The people said they "rescued" that dog. He was scared and had been an outside dog so they were keeping him chained in the garage until he became use to everything.

They hoped to breed him with their dog.

The cop said he shot the dog b/c he feared to much slack in the chain.



> The dog was shot in the head by an officer who responded to the wrong address for a domestic disturbance call in the neighborhood. In the report, the officer said the dog was chained when it charged him, but he shot it because he feared there was enough slack in the chain for the dog to be able to reach him





> *"Due to the aggressive nature of the dog, and its close proximity, I was in fear for my life and discharged my firearm," the officer wrote*


DEKALB | Officer shot dog fearing extra chain slack | 11alive.com


----------



## jetscarbie

"[Easy] loved the yard, he loved the outdoors," said Rev. Anthony Currie. "And although we had him chained up, we walked that dog daily." 

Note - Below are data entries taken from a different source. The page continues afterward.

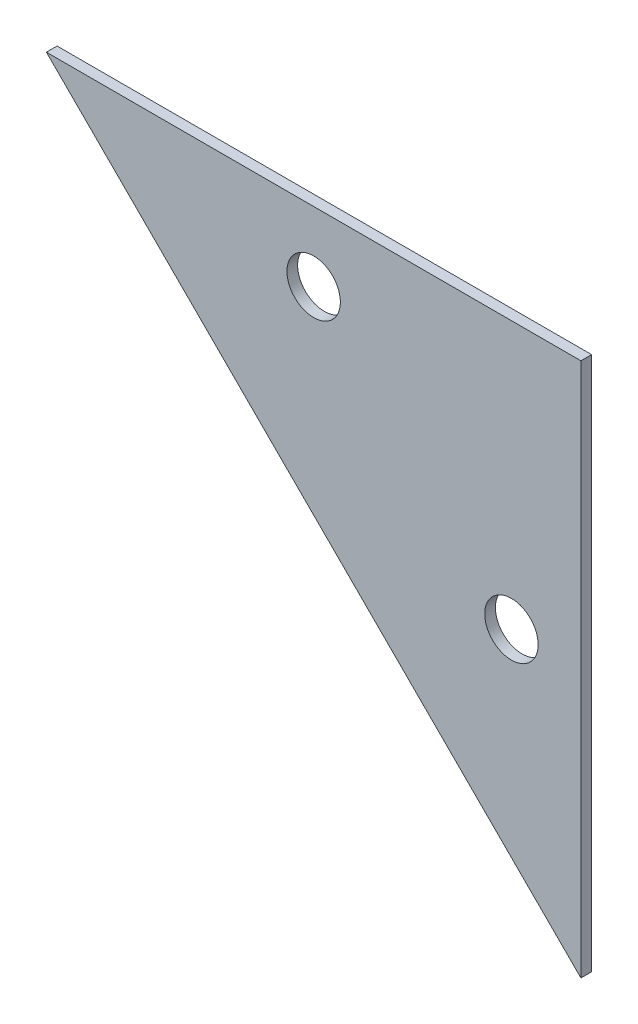
SolidWorks part; units mm, degrees
ref_plane "Płaszczyzna przednia" through (0, 0, 0) normal (0, 0, 1) x (1, 0, 0)
ref_plane "Płaszczyzna górna" through (0, 0, 0) normal (0, 1, 0) x (1, 0, 0)
ref_plane "Płaszczyzna prawa" through (0, 0, 0) normal (1, 0, 0) x (0, 0, -1)
sketch "Szkic1" plane through (0, 0, 0) normal (0, 0, 1) x (1, 0, 0)
  line L0 (0, 0) -> (0, -100)
  line L1 (0, -100) -> (-100, 0)
  line L2 (-100, 0) -> (0, 0)
  circle A0 centre (-50, -13) radius 5
  circle A1 centre (-13, -50) radius 5
  dimension "D2" = 10
  dimension "D3" = 10
  dimension "D1" = 100
  dimension "D4" = 50
  dimension "D5" = 50
  dimension "D6" = 13
  dimension "D7" = 13
extrude "Dodanie-wyciągnięcie1" add sketch "Szkic1" along normal blind 2
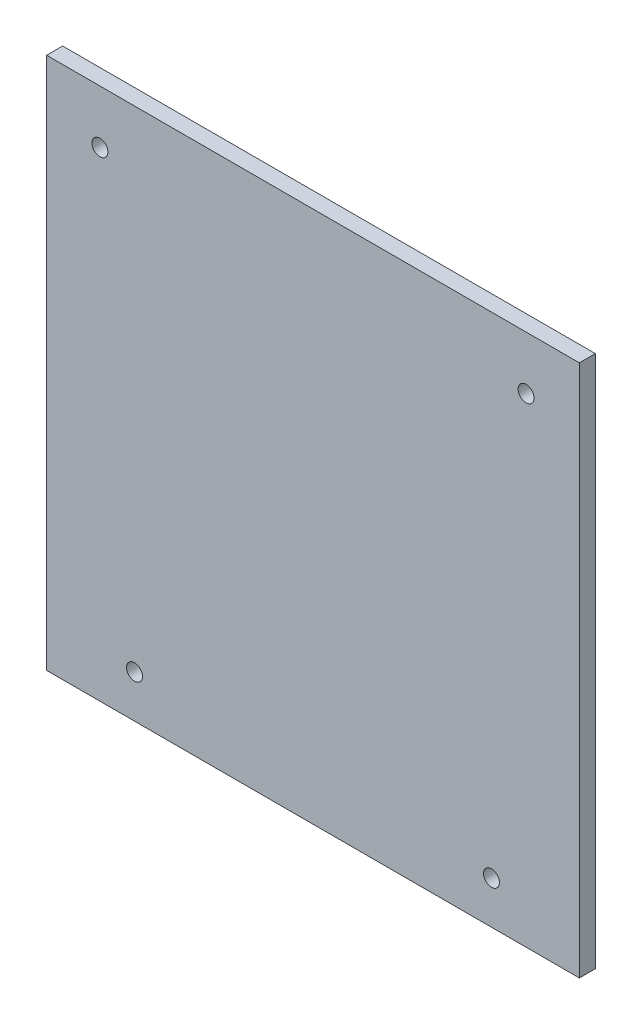
SolidWorks part; units mm, degrees
ref_plane "Front Plane" through (0, 0, 0) normal (0, 0, 1) x (1, 0, 0)
ref_plane "Top Plane" through (0, 0, 0) normal (0, 1, 0) x (1, 0, 0)
ref_plane "Right Plane" through (0, 0, 0) normal (1, 0, 0) x (0, 0, -1)
sketch "Sketch1" plane through (0, 0, 0) normal (0, 0, 1) x (1, 0, 0)
  line L1 (-50, -50) -> (50, -50)
  line L2 (-50, -50) -> (-50, 50)
  line L3 (-50, 50) -> (50, 50)
  line L4 (50, -50) -> (50, 50)
  line L5 (-50, -50) -> (50, 50) construction
  line L6 (-50, 50) -> (50, -50) construction
  point P0 (0, 0)
  dimension "D1" = 100
  dimension "D2" = 100
extrude "Boss-Extrude1" add sketch "Sketch1" along normal blind 3
sketch "Sketch2" plane through (0, 0, 3) normal (0, 0, 1) x (1, 0, 0)
  line L0 (0, 50) -> (0, -50) construction
  line L1 (50, 50) -> (-50, 50) construction
  line L2 (-50, -50) -> (50, -50) construction
  circle A0 centre (-40, 40) radius 1.5
  circle A1 centre (-33.5, -42) radius 1.5
  circle A2 centre (33.5, -42) radius 1.5
  circle A3 centre (40, 40) radius 1.5
  dimension "D1" = 3
  dimension "D4" = 3
  dimension "D2" = 10
  dimension "D3" = 40
  dimension "D5" = 33.5
  dimension "D6" = 8
extrude "Cut-Extrude1" cut sketch "Sketch2" against normal blind 3
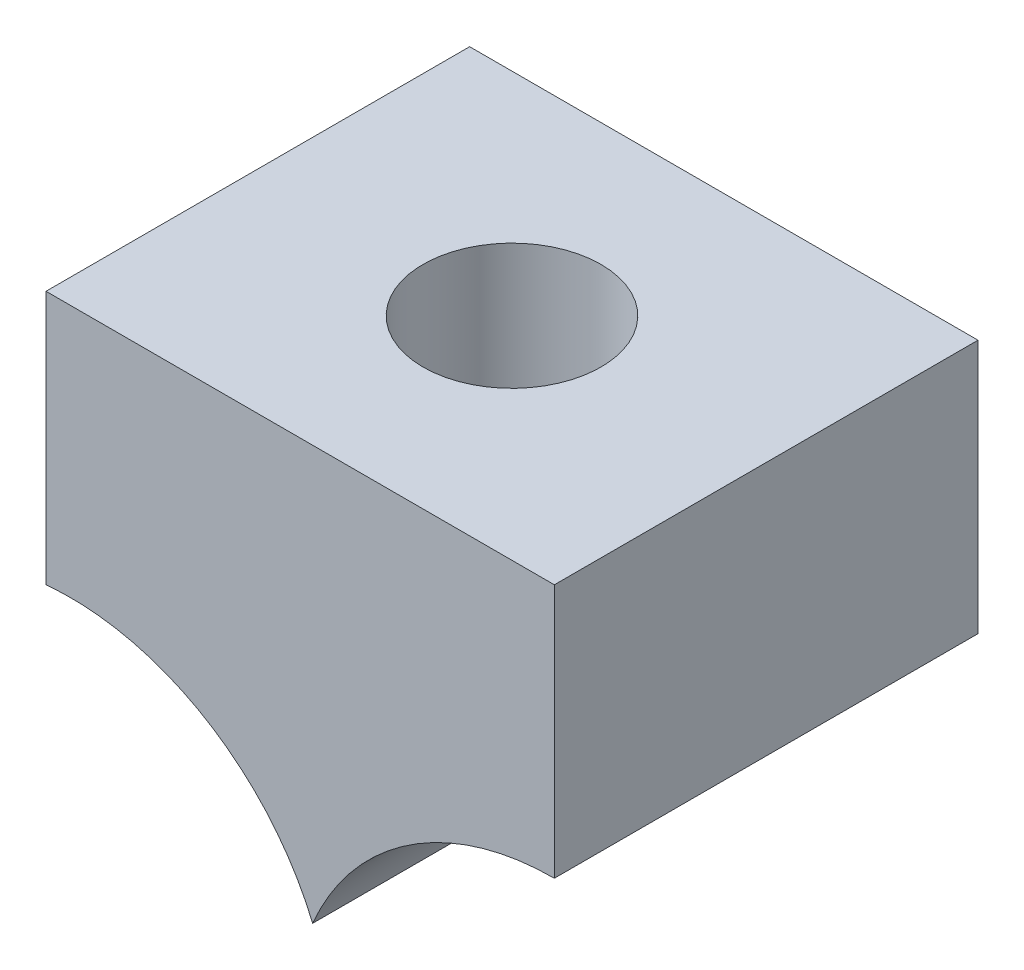
SolidWorks part; units mm, degrees
ref_plane "Front Plane" through (0, 0, 0) normal (0, 0, 1) x (1, 0, 0)
ref_plane "Top Plane" through (0, 0, 0) normal (0, 1, 0) x (1, 0, 0)
ref_plane "Right Plane" through (0, 0, 0) normal (1, 0, 0) x (0, 0, -1)
sketch "Sketch1" plane through (0, 0, 0) normal (0, 0, 1) x (1, 0, 0)
  line L1 (-6, 3) -> (6, 3)
  line L2 (-6, 3) -> (-6, -3)
  line L3 (-6, -3) -> (6, -3) construction
  line L4 (6, 3) -> (6, -3)
  line L5 (-6, 3) -> (6, -3) construction
  line L6 (-6, -3) -> (6, 3) construction
  arc A0 (6, -3) -> (0.2945, -6.7735) centre (6, -9.2) ccw
  arc A1 (-6, -3) -> (0.2945, -6.7735) centre (-5.4223, -9.173) cw
  point P0 (0, 0)
  dimension "D3" = 6.2
  dimension "D4" = 6.2
  dimension "D1" = 12
  dimension "D2" = 6
extrude "Boss-Extrude1" add sketch "Sketch1" along normal blind 10
sketch "Sketch2" plane through (0, 3, 0) normal (0, 1, 0) x (1, 0, 0)
  line L0 (6, 0) -> (-6, 0) construction
  circle A0 centre (0, -5) radius 2.1
  point P4 (0, 0)
  dimension "D1" = 4.2
  dimension "D2" = 5
extrude "Cut-Extrude1" cut sketch "Sketch2" against normal blind 5
sketch "Sketch3" plane through (0, -2, 0) normal (0, 1, 0) x (1, 0, 0)
  circle A0 centre (0, -5) radius 1
  dimension "D1" = 2
extrude "Cut-Extrude2" cut sketch "Sketch3" against normal through all
sketch "Sketch4" plane through (0, 0, 0) normal (0, 1, 0) x (1, 0, 0)
  circle A0 centre (-4.0446, -5) radius 1.0246
  dimension "D1" = 5
extrude "Boss-Extrude2" add sketch "Sketch4" against normal blind 2 draft 45 from offset 2.85
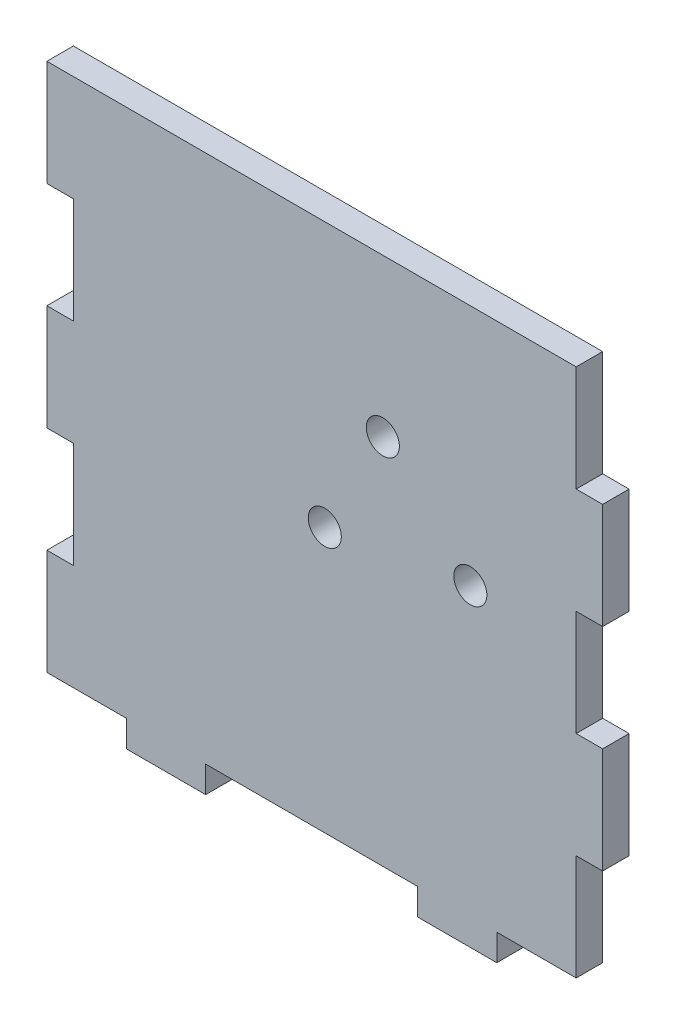
SolidWorks part; units mm, degrees
ref_plane "Front" through (0, 0, 0) normal (0, 0, 1) x (1, 0, 0)
ref_plane "Top" through (0, 0, 0) normal (0, 1, 0) x (1, 0, 0)
ref_plane "Right" through (0, 0, 0) normal (1, 0, 0) x (0, 0, -1)
sketch "Sketch1" plane through (0, 0, 0) normal (0, 0, 1) x (1, 0, 0)
  line L0 (-63.5, 38.1) -> (-63.5, 63.5)
  line L1 (-63.5, -63.5) -> (-44.45, -63.5)
  line L2 (-63.5, -63.5) -> (-63.5, -38.1)
  line L3 (-63.5, 63.5) -> (63.5, 63.5)
  line L4 (63.5, -63.5) -> (63.5, -38.1)
  line L5 (-63.5, -63.5) -> (63.5, 63.5) construction
  line L6 (-63.5, 63.5) -> (63.5, -63.5) construction
  line L7 (-63.5, 38.1) -> (-57.15, 38.1)
  line L8 (-63.5, -12.7) -> (-63.5, 12.7)
  line L9 (-63.5, 12.7) -> (-57.15, 12.7)
  line L10 (-57.15, 38.1) -> (-57.15, 12.7)
  line L11 (-63.5, -12.7) -> (-57.15, -12.7)
  line L12 (63.5, 38.1) -> (63.5, 63.5)
  line L13 (-63.5, -38.1) -> (-57.15, -38.1)
  line L14 (-57.15, -12.7) -> (-57.15, -38.1)
  line L15 (63.5, 38.1) -> (69.85, 38.1)
  line L16 (63.5, -12.7) -> (63.5, 12.7)
  line L17 (63.5, 12.7) -> (69.85, 12.7)
  line L18 (69.85, 38.1) -> (69.85, 12.7)
  line L19 (63.5, -12.7) -> (69.85, -12.7)
  line L20 (-25.4, -63.5) -> (25.4, -63.5)
  line L21 (63.5, -38.1) -> (69.85, -38.1)
  line L22 (69.85, -12.7) -> (69.85, -38.1)
  line L23 (44.45, -63.5) -> (63.5, -63.5)
  line L24 (-44.45, -63.5) -> (-44.45, -69.85)
  line L25 (-44.45, -69.85) -> (-25.4, -69.85)
  line L26 (-25.4, -63.5) -> (-25.4, -69.85)
  line L28 (25.4, -63.5) -> (25.4, -69.85)
  line L29 (25.4, -69.85) -> (44.45, -69.85)
  line L30 (44.45, -63.5) -> (44.45, -69.85)
  point P0 (0, 0)
  dimension "D1" = 127
  dimension "D2" = 127
  dimension "D3" = 6.35
  dimension "D4" = 25.4
  dimension "D5" = 25.4
  dimension "D6" = 25.4
  dimension "D7" = 6.35
  dimension "D8" = 19.05
  dimension "D9" = 19.05
  dimension "D10" = 19.05
extrude "BOXSIDE" add sketch "Sketch1" along normal blind 6.35 contours L3 L12 L15 L18 L17 L16 L19 L22 L21 L4 L23 L30 L29 L28 L20 L26 L25 L24 L1 L2 L13 L14 L11 L8 L9 L10 L7 L0
sketch "Sketch2" plane through (0, 0, 6.35) normal (0, 0, 1) x (1, 0, 0)
  line L0 (69.85, 38.1) -> (69.85, 12.7) construction
  line L1 (44.45, -63.5) -> (63.5, -63.5) construction
  line L2 (38.1, 5.3391) -> (36.83, -19.05) construction
  line L3 (38.1, 5.3391) -> (17.1053, 25.7754) construction
  line L4 (-63.5, -12.7) -> (-63.5, 12.7) construction
  line L6 (17.1053, 25.7754) -> (3.175, 0) construction
  line L7 (63.5, -12.7) -> (63.5, 12.7) construction
  circle A0 centre (36.83, -19.05) radius 3.9687 construction
  circle A1 centre (3.175, 0) radius 3.9688
  circle A2 centre (38.1, 5.3391) radius 3.9687
  circle A4 centre (17.1053, 25.7754) radius 3.9688
  dimension "D1" = 33.02
  dimension "D2" = 7.9375
  dimension "D3" = 44.45
  dimension "D4" = 7.9375
  dimension "D7" = 7.9375
  dimension "D6" = 29.2989
  dimension "D5" = 24.4221
  dimension "D8" = 66.675
  dimension "D9" = 25.4
  dimension "D10" = 29.2989
extrude "Cut-Extrude1" cut sketch "Sketch2" against normal through all
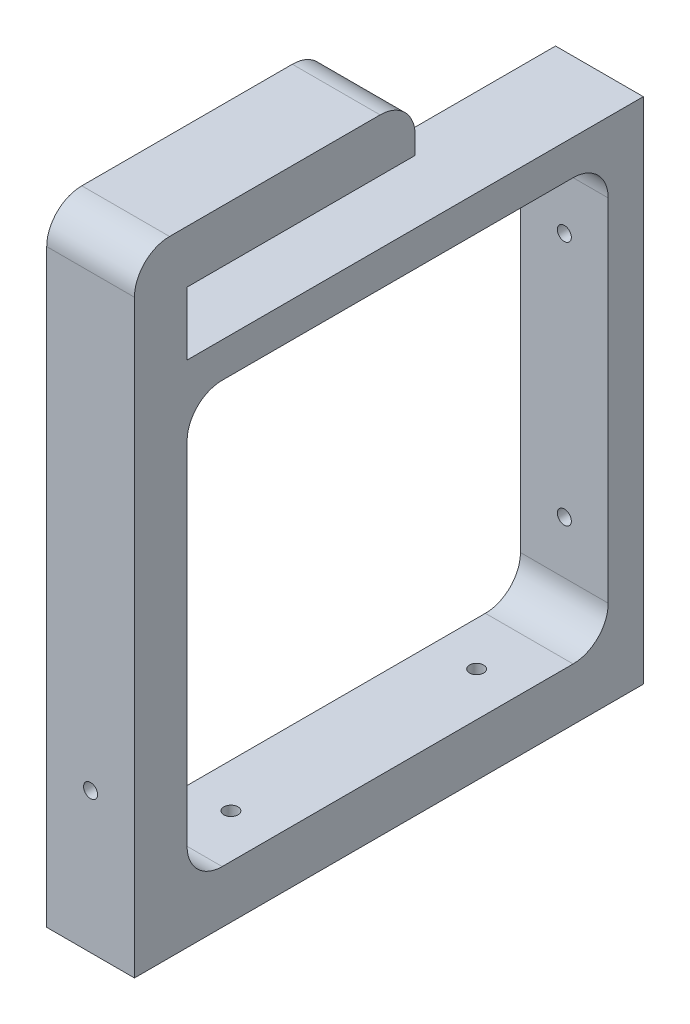
SolidWorks part; units mm, degrees
ref_plane "Plan de face" through (0, 0, 0) normal (0, 0, 1) x (1, 0, 0)
ref_plane "Plan de dessus" through (0, 0, 0) normal (0, 1, 0) x (1, 0, 0)
ref_plane "Plan de droite" through (0, 0, 0) normal (1, 0, 0) x (0, 0, -1)
sketch "Esquisse1" plane through (0, 0, 0) normal (1, 0, 0) x (0, 0, -1)
  line L0 (0, 0) -> (145, 0)
  line L1 (145, 0) -> (145, 145)
  line L2 (145, 145) -> (15, 145)
  line L3 (15, 145) -> (15, 163)
  line L4 (15, 163) -> (80, 163)
  line L5 (80, 163) -> (80, 178)
  line L6 (80, 178) -> (0, 178)
  line L7 (0, 178) -> (0, 0)
  line L8 (15, 135) -> (15, 15)
  line L9 (15, 15) -> (135, 15)
  line L10 (135, 15) -> (135, 135)
  line L11 (135, 135) -> (15, 135)
  dimension "D1" = 15
  dimension "D2" = 15
  dimension "D3" = 15
  dimension "D4" = 120
  dimension "D5" = 10
  dimension "D6" = 120
  dimension "D7" = 10
  dimension "D8" = 18
  dimension "D9" = 15
  dimension "D10" = 80
extrude "Boss.-Extru.1" add sketch "Esquisse1" along normal blind 25
sketch "Esquisse2" plane through (0, 15, 0) normal (0, 1, 0) x (1, 0, 0)
  line L2 (12.5, 27.1506) -> (12.5, 96.9425) construction
  line L3 (25, 15) -> (25, 135) construction
  line L4 (0, 15) -> (0, 135) construction
  line L5 (25, 15) -> (0, 15) construction
  line L6 (25, 135) -> (0, 135) construction
  circle A0 centre (12.5, 40) radius 2
  circle A1 centre (12.5, 110) radius 2
  point P10 (0, 0)
  point P11 (0, 0)
  dimension "D3" = 4
  dimension "D4" = 4
  dimension "D1" = 25
  dimension "D2" = 25
extrude "Enlèv. mat.-Extru.1" cut sketch "Esquisse2" against normal through all
sketch "Esquisse3" plane through (0, 0, -135) normal (0, 0, 1) x (1, 0, 0)
  line L0 (12.5, 90.0233) -> (12.5, 53.6926) construction
  line L1 (25, 15) -> (25, 135) construction
  line L2 (0, 15) -> (0, 135) construction
  line L3 (25, 15) -> (0, 15) construction
  line L4 (25, 135) -> (0, 135) construction
  circle A0 centre (12.5, 40) radius 2
  circle A1 centre (12.5, 110) radius 2
  point P10 (0, 0)
  point P11 (0, 0)
  dimension "D2" = 4
  dimension "D4" = 4
  dimension "D1" = 25
  dimension "D3" = 25
extrude "Enlèv. mat.-Extru.2" cut sketch "Esquisse3" against normal through all
sketch "Esquisse4" plane through (0, 0, -15) normal (0, 0, -1) x (-1, 0, 0)
  line L0 (-12.5, 101.625) -> (-12.5, 95.3633) construction
  line L1 (-25, 135) -> (-25, 15) construction
  line L2 (0, 135) -> (0, 15) construction
  line L3 (-25, 15) -> (0, 15) construction
  circle A0 centre (-12.5, 40) radius 2
  point P8 (0, 0)
  point P9 (0, 0)
  dimension "D2" = 4
  dimension "D1" = 25
extrude "Enlèv. mat.-Extru.3" cut sketch "Esquisse4" against normal through all
fillet "Congé1" radius 10 2 edges at (12.5, 178, 0) (12.5, 178, -80)
fillet "Congé2" radius 10 4 edges at (12.5, 15, -135) (12.5, 135, -135) (12.5, 135, -15) (12.5, 15, -15)

Easy had been rescued by the Curries from an abusive home, and they had been trying to get him comfortable inside the house without a chain. They hoped he would have puppies with their other dog. 

"I'm gonna miss my baby," said Rev. Bobby Currie, Anthony's wife and fellow pastor. "We saved him from abuse, and then he had to die so brutally." 

Police confirmed the call came from the house across the street from the Currie family. Anthony says the officer told him his dog had been lunging at him in the street. But Currie said the officer parked on an adjacent street and entered their yard on the opposite side of the property from the garage . They said the officer fired a single shot at the dog's head, even though its chain wouldn't allow it past the driveway. Despite cleaning their driveway Wednesday morning, there was still evidence of the dog's remains a few feet from the front doorstep. 
CONLEY | Police Officer Shoots Family Dog | 11alive.com


----------



## Mrs.K

jetscarbie said:


> The people said they "rescued" that dog. He was scared and had been an outside dog so they were keeping him chained in the garage until he became use to everything.
> 
> They hoped to breed him with their dog.
> 
> The cop said he shot the dog b/c he feared to much slack in the chain.
> 
> 
> 
> 
> DEKALB | Officer shot dog fearing extra chain slack | 11alive.com


Now it's slack in the chain and before it was "the dog was unchained"?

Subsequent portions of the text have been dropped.